REQUIRED WORK :: All records below must be written out exactly, with the pictures excluded.

EXTRACTED INFORMATION ::
━━━━━━━━
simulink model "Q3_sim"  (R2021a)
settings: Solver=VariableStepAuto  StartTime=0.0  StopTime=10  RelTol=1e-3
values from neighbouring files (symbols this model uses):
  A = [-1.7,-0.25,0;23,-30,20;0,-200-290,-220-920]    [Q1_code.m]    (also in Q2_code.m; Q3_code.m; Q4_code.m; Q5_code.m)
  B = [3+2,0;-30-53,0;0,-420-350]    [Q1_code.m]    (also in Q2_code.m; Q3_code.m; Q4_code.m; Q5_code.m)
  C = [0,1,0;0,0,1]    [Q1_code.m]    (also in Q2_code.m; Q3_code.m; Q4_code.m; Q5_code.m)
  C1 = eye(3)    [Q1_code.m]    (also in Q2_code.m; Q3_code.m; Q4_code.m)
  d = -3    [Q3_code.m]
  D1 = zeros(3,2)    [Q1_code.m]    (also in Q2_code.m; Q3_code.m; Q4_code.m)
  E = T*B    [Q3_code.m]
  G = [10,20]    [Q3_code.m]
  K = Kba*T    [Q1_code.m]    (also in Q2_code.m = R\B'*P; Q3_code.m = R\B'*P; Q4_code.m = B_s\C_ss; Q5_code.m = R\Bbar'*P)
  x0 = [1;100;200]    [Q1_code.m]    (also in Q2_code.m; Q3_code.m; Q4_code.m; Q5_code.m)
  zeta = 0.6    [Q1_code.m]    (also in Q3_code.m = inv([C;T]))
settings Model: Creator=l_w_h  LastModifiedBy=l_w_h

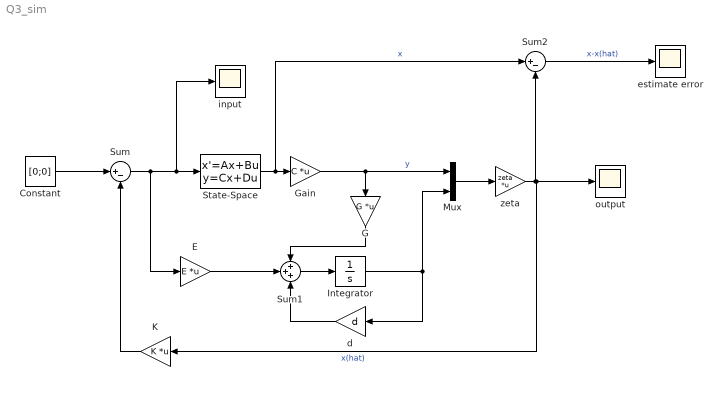
== system Q3_sim ==
  Constant : Constant  Value=[0;0]
  E : Gain  Gain=E  Multiplication=Matrix(K*u)
  G : Gain  Gain=G  Multiplication=Matrix(K*u)
  Gain : Gain  Gain=C  Multiplication=Matrix(K*u)
  Integrator : Integrator
  K : Gain  Gain=K  Multiplication=Matrix(K*u)
  Mux : Mux  Inputs=2
  State-Space : StateSpace  A=A  B=B  C=C1  D=D1  InitialCondition=x0
  Sum : Sum  Inputs=|+-
  Sum1 : Sum  Inputs=+++
  Sum2 : Sum  Inputs=|+-
  d : Gain  Gain=d
  estimate error : Scope
  input : Scope
  output : Scope
  zeta : Gain  Gain=zeta  Multiplication=Matrix(K*u)
  wires:
  State-Space/1 -> Sum2/1, Gain/1  "x"
  K/1 -> Sum/2
  Sum/1 -> E/1, input/1, State-Space/1
  Constant/1 -> Sum/1
  Gain/1 -> Mux/1, G/1  "y"
  G/1 -> Sum1/1
  E/1 -> Sum1/2
  d/1 -> Sum1/3
  Sum1/1 -> Integrator/1
  Integrator/1 -> d/1, Mux/2
  Mux/1 -> zeta/1
  zeta/1 -> output/1, K/1, Sum2/2  "x(hat)"
  Sum2/1 -> estimate error/1  "x-x(hat)"
━━━━━━━━
SOLVED EXERCISE ::
simulink model "Q3_sim"  (R2021a)
settings: Solver=VariableStepAuto  StartTime=0.0  StopTime=10  RelTol=1e-3
values from neighbouring files (symbols this model uses):
  A = [-1.7,-0.25,0;23,-30,20;0,-200-290,-220-920]    [Q1_code.m]    (also in Q2_code.m; Q3_code.m; Q4_code.m; Q5_code.m)
  B = [3+2,0;-30-53,0;0,-420-350]    [Q1_code.m]    (also in Q2_code.m; Q3_code.m; Q4_code.m; Q5_code.m)
  C = [0,1,0;0,0,1]    [Q1_code.m]    (also in Q2_code.m; Q3_code.m; Q4_code.m; Q5_code.m)
  C1 = eye(3)    [Q1_code.m]    (also in Q2_code.m; Q3_code.m; Q4_code.m)
  d = -3    [Q3_code.m]
  D1 = zeros(3,2)    [Q1_code.m]    (also in Q2_code.m; Q3_code.m; Q4_code.m)
  E = T*B    [Q3_code.m]
  G = [10,20]    [Q3_code.m]
  K = Kba*T    [Q1_code.m]    (also in Q2_code.m = R\B'*P; Q3_code.m = R\B'*P; Q4_code.m = B_s\C_ss; Q5_code.m = R\Bbar'*P)
  x0 = [1;100;200]    [Q1_code.m]    (also in Q2_code.m; Q3_code.m; Q4_code.m; Q5_code.m)
  zeta = 0.6    [Q1_code.m]    (also in Q3_code.m = inv([C;T]))
settings Model: Creator=l_w_h  LastModifiedBy=l_w_h

== system Q3_sim ==
  Constant : Constant  Value=[0;0]
  E : Gain  Gain=E  Multiplication=Matrix(K*u)
  G : Gain  Gain=G  Multiplication=Matrix(K*u)
  Gain : Gain  Gain=C  Multiplication=Matrix(K*u)
  Integrator : Integrator
  K : Gain  Gain=K  Multiplication=Matrix(K*u)
  Mux : Mux  Inputs=2
  State-Space : StateSpace  A=A  B=B  C=C1  D=D1  InitialCondition=x0
  Sum : Sum  Inputs=|+-
  Sum1 : Sum  Inputs=+++
  Sum2 : Sum  Inputs=|+-
  d : Gain  Gain=d
  estimate error : Scope
  input : Scope
  output : Scope
  zeta : Gain  Gain=zeta  Multiplication=Matrix(K*u)
  wires:
  State-Space/1 -> Sum2/1, Gain/1  "x"
  K/1 -> Sum/2
  Sum/1 -> E/1, input/1, State-Space/1
  Constant/1 -> Sum/1
  Gain/1 -> Mux/1, G/1  "y"
  G/1 -> Sum1/1
  E/1 -> Sum1/2
  d/1 -> Sum1/3
  Sum1/1 -> Integrator/1
  Integrator/1 -> d/1, Mux/2
  Mux/1 -> zeta/1
  zeta/1 -> output/1, K/1, Sum2/2  "x(hat)"
  Sum2/1 -> estimate error/1  "x-x(hat)"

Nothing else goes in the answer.